» BRIEF: The result should be a word-for-word retyping of the entries below, free of pictures.

» PROVIDED DATA:
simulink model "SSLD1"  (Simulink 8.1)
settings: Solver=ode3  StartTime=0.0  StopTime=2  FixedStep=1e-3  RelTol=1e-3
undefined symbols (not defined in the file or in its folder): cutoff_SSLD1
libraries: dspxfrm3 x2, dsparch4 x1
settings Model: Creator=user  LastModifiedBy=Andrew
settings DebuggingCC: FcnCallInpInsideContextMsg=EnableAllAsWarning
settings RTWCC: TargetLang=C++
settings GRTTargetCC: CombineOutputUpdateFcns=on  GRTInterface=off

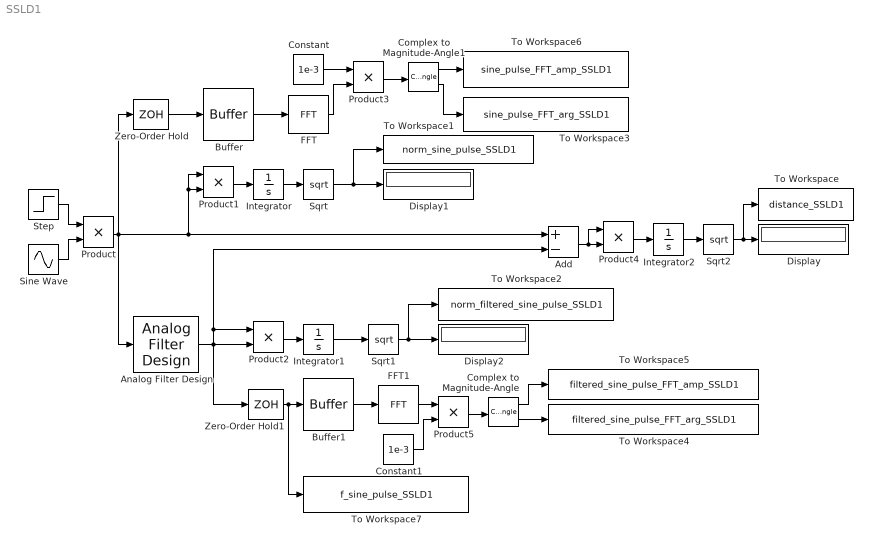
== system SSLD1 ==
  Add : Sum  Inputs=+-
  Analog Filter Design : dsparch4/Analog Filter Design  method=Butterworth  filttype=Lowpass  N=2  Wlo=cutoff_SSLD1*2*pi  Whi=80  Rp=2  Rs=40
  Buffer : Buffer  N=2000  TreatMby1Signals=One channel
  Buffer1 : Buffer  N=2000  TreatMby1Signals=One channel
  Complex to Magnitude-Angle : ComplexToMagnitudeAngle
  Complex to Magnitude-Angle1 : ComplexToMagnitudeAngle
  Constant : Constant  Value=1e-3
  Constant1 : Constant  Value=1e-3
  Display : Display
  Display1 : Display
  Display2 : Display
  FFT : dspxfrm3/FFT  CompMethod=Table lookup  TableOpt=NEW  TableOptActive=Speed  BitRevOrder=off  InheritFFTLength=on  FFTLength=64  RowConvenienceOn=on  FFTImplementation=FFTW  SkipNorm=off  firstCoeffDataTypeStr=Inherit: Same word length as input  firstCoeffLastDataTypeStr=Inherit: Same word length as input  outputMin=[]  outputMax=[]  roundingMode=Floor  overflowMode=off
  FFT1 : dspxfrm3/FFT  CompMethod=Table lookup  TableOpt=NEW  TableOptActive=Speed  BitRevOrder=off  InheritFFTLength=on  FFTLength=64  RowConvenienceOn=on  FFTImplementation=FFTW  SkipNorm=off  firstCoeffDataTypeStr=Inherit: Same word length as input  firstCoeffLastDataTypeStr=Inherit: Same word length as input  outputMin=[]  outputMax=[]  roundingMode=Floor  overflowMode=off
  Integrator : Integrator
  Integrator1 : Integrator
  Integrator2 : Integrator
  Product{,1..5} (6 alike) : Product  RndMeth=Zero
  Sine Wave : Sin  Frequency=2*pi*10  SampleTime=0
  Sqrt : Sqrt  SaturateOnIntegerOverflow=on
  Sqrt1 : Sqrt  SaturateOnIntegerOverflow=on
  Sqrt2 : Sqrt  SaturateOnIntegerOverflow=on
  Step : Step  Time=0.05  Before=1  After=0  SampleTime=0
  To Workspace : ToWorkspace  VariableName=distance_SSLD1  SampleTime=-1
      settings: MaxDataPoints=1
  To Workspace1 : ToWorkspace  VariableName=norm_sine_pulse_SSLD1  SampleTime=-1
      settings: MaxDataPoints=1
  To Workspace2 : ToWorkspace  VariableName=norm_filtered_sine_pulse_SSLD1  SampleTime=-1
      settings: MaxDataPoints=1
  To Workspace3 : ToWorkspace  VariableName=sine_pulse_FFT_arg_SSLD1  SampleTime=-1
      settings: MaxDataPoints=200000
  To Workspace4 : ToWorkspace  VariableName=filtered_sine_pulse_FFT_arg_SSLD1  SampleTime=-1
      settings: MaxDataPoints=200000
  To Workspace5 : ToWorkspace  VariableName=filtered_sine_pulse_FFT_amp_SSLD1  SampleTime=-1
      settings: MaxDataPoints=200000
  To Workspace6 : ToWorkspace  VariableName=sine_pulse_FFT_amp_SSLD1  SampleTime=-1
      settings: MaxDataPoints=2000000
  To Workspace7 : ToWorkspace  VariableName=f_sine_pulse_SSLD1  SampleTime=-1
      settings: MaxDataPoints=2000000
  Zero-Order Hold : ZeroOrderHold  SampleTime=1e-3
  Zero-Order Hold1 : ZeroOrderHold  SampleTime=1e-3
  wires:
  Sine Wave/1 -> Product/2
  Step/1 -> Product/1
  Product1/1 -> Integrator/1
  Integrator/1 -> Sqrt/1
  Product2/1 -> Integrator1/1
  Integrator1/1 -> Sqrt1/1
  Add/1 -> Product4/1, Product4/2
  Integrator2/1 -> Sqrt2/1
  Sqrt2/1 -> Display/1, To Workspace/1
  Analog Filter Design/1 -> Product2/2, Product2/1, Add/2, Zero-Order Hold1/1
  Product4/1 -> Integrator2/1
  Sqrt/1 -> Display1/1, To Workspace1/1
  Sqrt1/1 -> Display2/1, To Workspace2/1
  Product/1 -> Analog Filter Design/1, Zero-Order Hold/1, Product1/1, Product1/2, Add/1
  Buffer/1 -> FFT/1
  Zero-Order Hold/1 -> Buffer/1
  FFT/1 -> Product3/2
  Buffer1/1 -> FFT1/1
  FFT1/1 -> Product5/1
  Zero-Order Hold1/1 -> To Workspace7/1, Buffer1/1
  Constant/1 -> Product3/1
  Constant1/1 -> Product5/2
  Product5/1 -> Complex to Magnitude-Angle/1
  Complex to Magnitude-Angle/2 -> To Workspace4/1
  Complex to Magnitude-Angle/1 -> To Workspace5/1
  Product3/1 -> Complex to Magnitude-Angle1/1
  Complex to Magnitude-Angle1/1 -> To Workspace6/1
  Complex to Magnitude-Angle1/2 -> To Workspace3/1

» YOUR SOLUTION:
simulink model "SSLD1"  (Simulink 8.1)
settings: Solver=ode3  StartTime=0.0  StopTime=2  FixedStep=1e-3  RelTol=1e-3
undefined symbols (not defined in the file or in its folder): cutoff_SSLD1
libraries: dspxfrm3 x2, dsparch4 x1
settings Model: Creator=user  LastModifiedBy=Andrew
settings DebuggingCC: FcnCallInpInsideContextMsg=EnableAllAsWarning
settings RTWCC: TargetLang=C++
settings GRTTargetCC: CombineOutputUpdateFcns=on  GRTInterface=off

== system SSLD1 ==
  Add : Sum  Inputs=+-
  Analog Filter Design : dsparch4/Analog Filter Design  method=Butterworth  filttype=Lowpass  N=2  Wlo=cutoff_SSLD1*2*pi  Whi=80  Rp=2  Rs=40
  Buffer : Buffer  N=2000  TreatMby1Signals=One channel
  Buffer1 : Buffer  N=2000  TreatMby1Signals=One channel
  Complex to Magnitude-Angle : ComplexToMagnitudeAngle
  Complex to Magnitude-Angle1 : ComplexToMagnitudeAngle
  Constant : Constant  Value=1e-3
  Constant1 : Constant  Value=1e-3
  Display : Display
  Display1 : Display
  Display2 : Display
  FFT : dspxfrm3/FFT  CompMethod=Table lookup  TableOpt=NEW  TableOptActive=Speed  BitRevOrder=off  InheritFFTLength=on  FFTLength=64  RowConvenienceOn=on  FFTImplementation=FFTW  SkipNorm=off  firstCoeffDataTypeStr=Inherit: Same word length as input  firstCoeffLastDataTypeStr=Inherit: Same word length as input  outputMin=[]  outputMax=[]  roundingMode=Floor  overflowMode=off
  FFT1 : dspxfrm3/FFT  CompMethod=Table lookup  TableOpt=NEW  TableOptActive=Speed  BitRevOrder=off  InheritFFTLength=on  FFTLength=64  RowConvenienceOn=on  FFTImplementation=FFTW  SkipNorm=off  firstCoeffDataTypeStr=Inherit: Same word length as input  firstCoeffLastDataTypeStr=Inherit: Same word length as input  outputMin=[]  outputMax=[]  roundingMode=Floor  overflowMode=off
  Integrator : Integrator
  Integrator1 : Integrator
  Integrator2 : Integrator
  Product{,1..5} (6 alike) : Product  RndMeth=Zero
  Sine Wave : Sin  Frequency=2*pi*10  SampleTime=0
  Sqrt : Sqrt  SaturateOnIntegerOverflow=on
  Sqrt1 : Sqrt  SaturateOnIntegerOverflow=on
  Sqrt2 : Sqrt  SaturateOnIntegerOverflow=on
  Step : Step  Time=0.05  Before=1  After=0  SampleTime=0
  To Workspace : ToWorkspace  VariableName=distance_SSLD1  SampleTime=-1
      settings: MaxDataPoints=1
  To Workspace1 : ToWorkspace  VariableName=norm_sine_pulse_SSLD1  SampleTime=-1
      settings: MaxDataPoints=1
  To Workspace2 : ToWorkspace  VariableName=norm_filtered_sine_pulse_SSLD1  SampleTime=-1
      settings: MaxDataPoints=1
  To Workspace3 : ToWorkspace  VariableName=sine_pulse_FFT_arg_SSLD1  SampleTime=-1
      settings: MaxDataPoints=200000
  To Workspace4 : ToWorkspace  VariableName=filtered_sine_pulse_FFT_arg_SSLD1  SampleTime=-1
      settings: MaxDataPoints=200000
  To Workspace5 : ToWorkspace  VariableName=filtered_sine_pulse_FFT_amp_SSLD1  SampleTime=-1
      settings: MaxDataPoints=200000
  To Workspace6 : ToWorkspace  VariableName=sine_pulse_FFT_amp_SSLD1  SampleTime=-1
      settings: MaxDataPoints=2000000
  To Workspace7 : ToWorkspace  VariableName=f_sine_pulse_SSLD1  SampleTime=-1
      settings: MaxDataPoints=2000000
  Zero-Order Hold : ZeroOrderHold  SampleTime=1e-3
  Zero-Order Hold1 : ZeroOrderHold  SampleTime=1e-3
  wires:
  Sine Wave/1 -> Product/2
  Step/1 -> Product/1
  Product1/1 -> Integrator/1
  Integrator/1 -> Sqrt/1
  Product2/1 -> Integrator1/1
  Integrator1/1 -> Sqrt1/1
  Add/1 -> Product4/1, Product4/2
  Integrator2/1 -> Sqrt2/1
  Sqrt2/1 -> Display/1, To Workspace/1
  Analog Filter Design/1 -> Product2/2, Product2/1, Add/2, Zero-Order Hold1/1
  Product4/1 -> Integrator2/1
  Sqrt/1 -> Display1/1, To Workspace1/1
  Sqrt1/1 -> Display2/1, To Workspace2/1
  Product/1 -> Analog Filter Design/1, Zero-Order Hold/1, Product1/1, Product1/2, Add/1
  Buffer/1 -> FFT/1
  Zero-Order Hold/1 -> Buffer/1
  FFT/1 -> Product3/2
  Buffer1/1 -> FFT1/1
  FFT1/1 -> Product5/1
  Zero-Order Hold1/1 -> To Workspace7/1, Buffer1/1
  Constant/1 -> Product3/1
  Constant1/1 -> Product5/2
  Product5/1 -> Complex to Magnitude-Angle/1
  Complex to Magnitude-Angle/2 -> To Workspace4/1
  Complex to Magnitude-Angle/1 -> To Workspace5/1
  Product3/1 -> Complex to Magnitude-Angle1/1
  Complex to Magnitude-Angle1/1 -> To Workspace6/1
  Complex to Magnitude-Angle1/2 -> To Workspace3/1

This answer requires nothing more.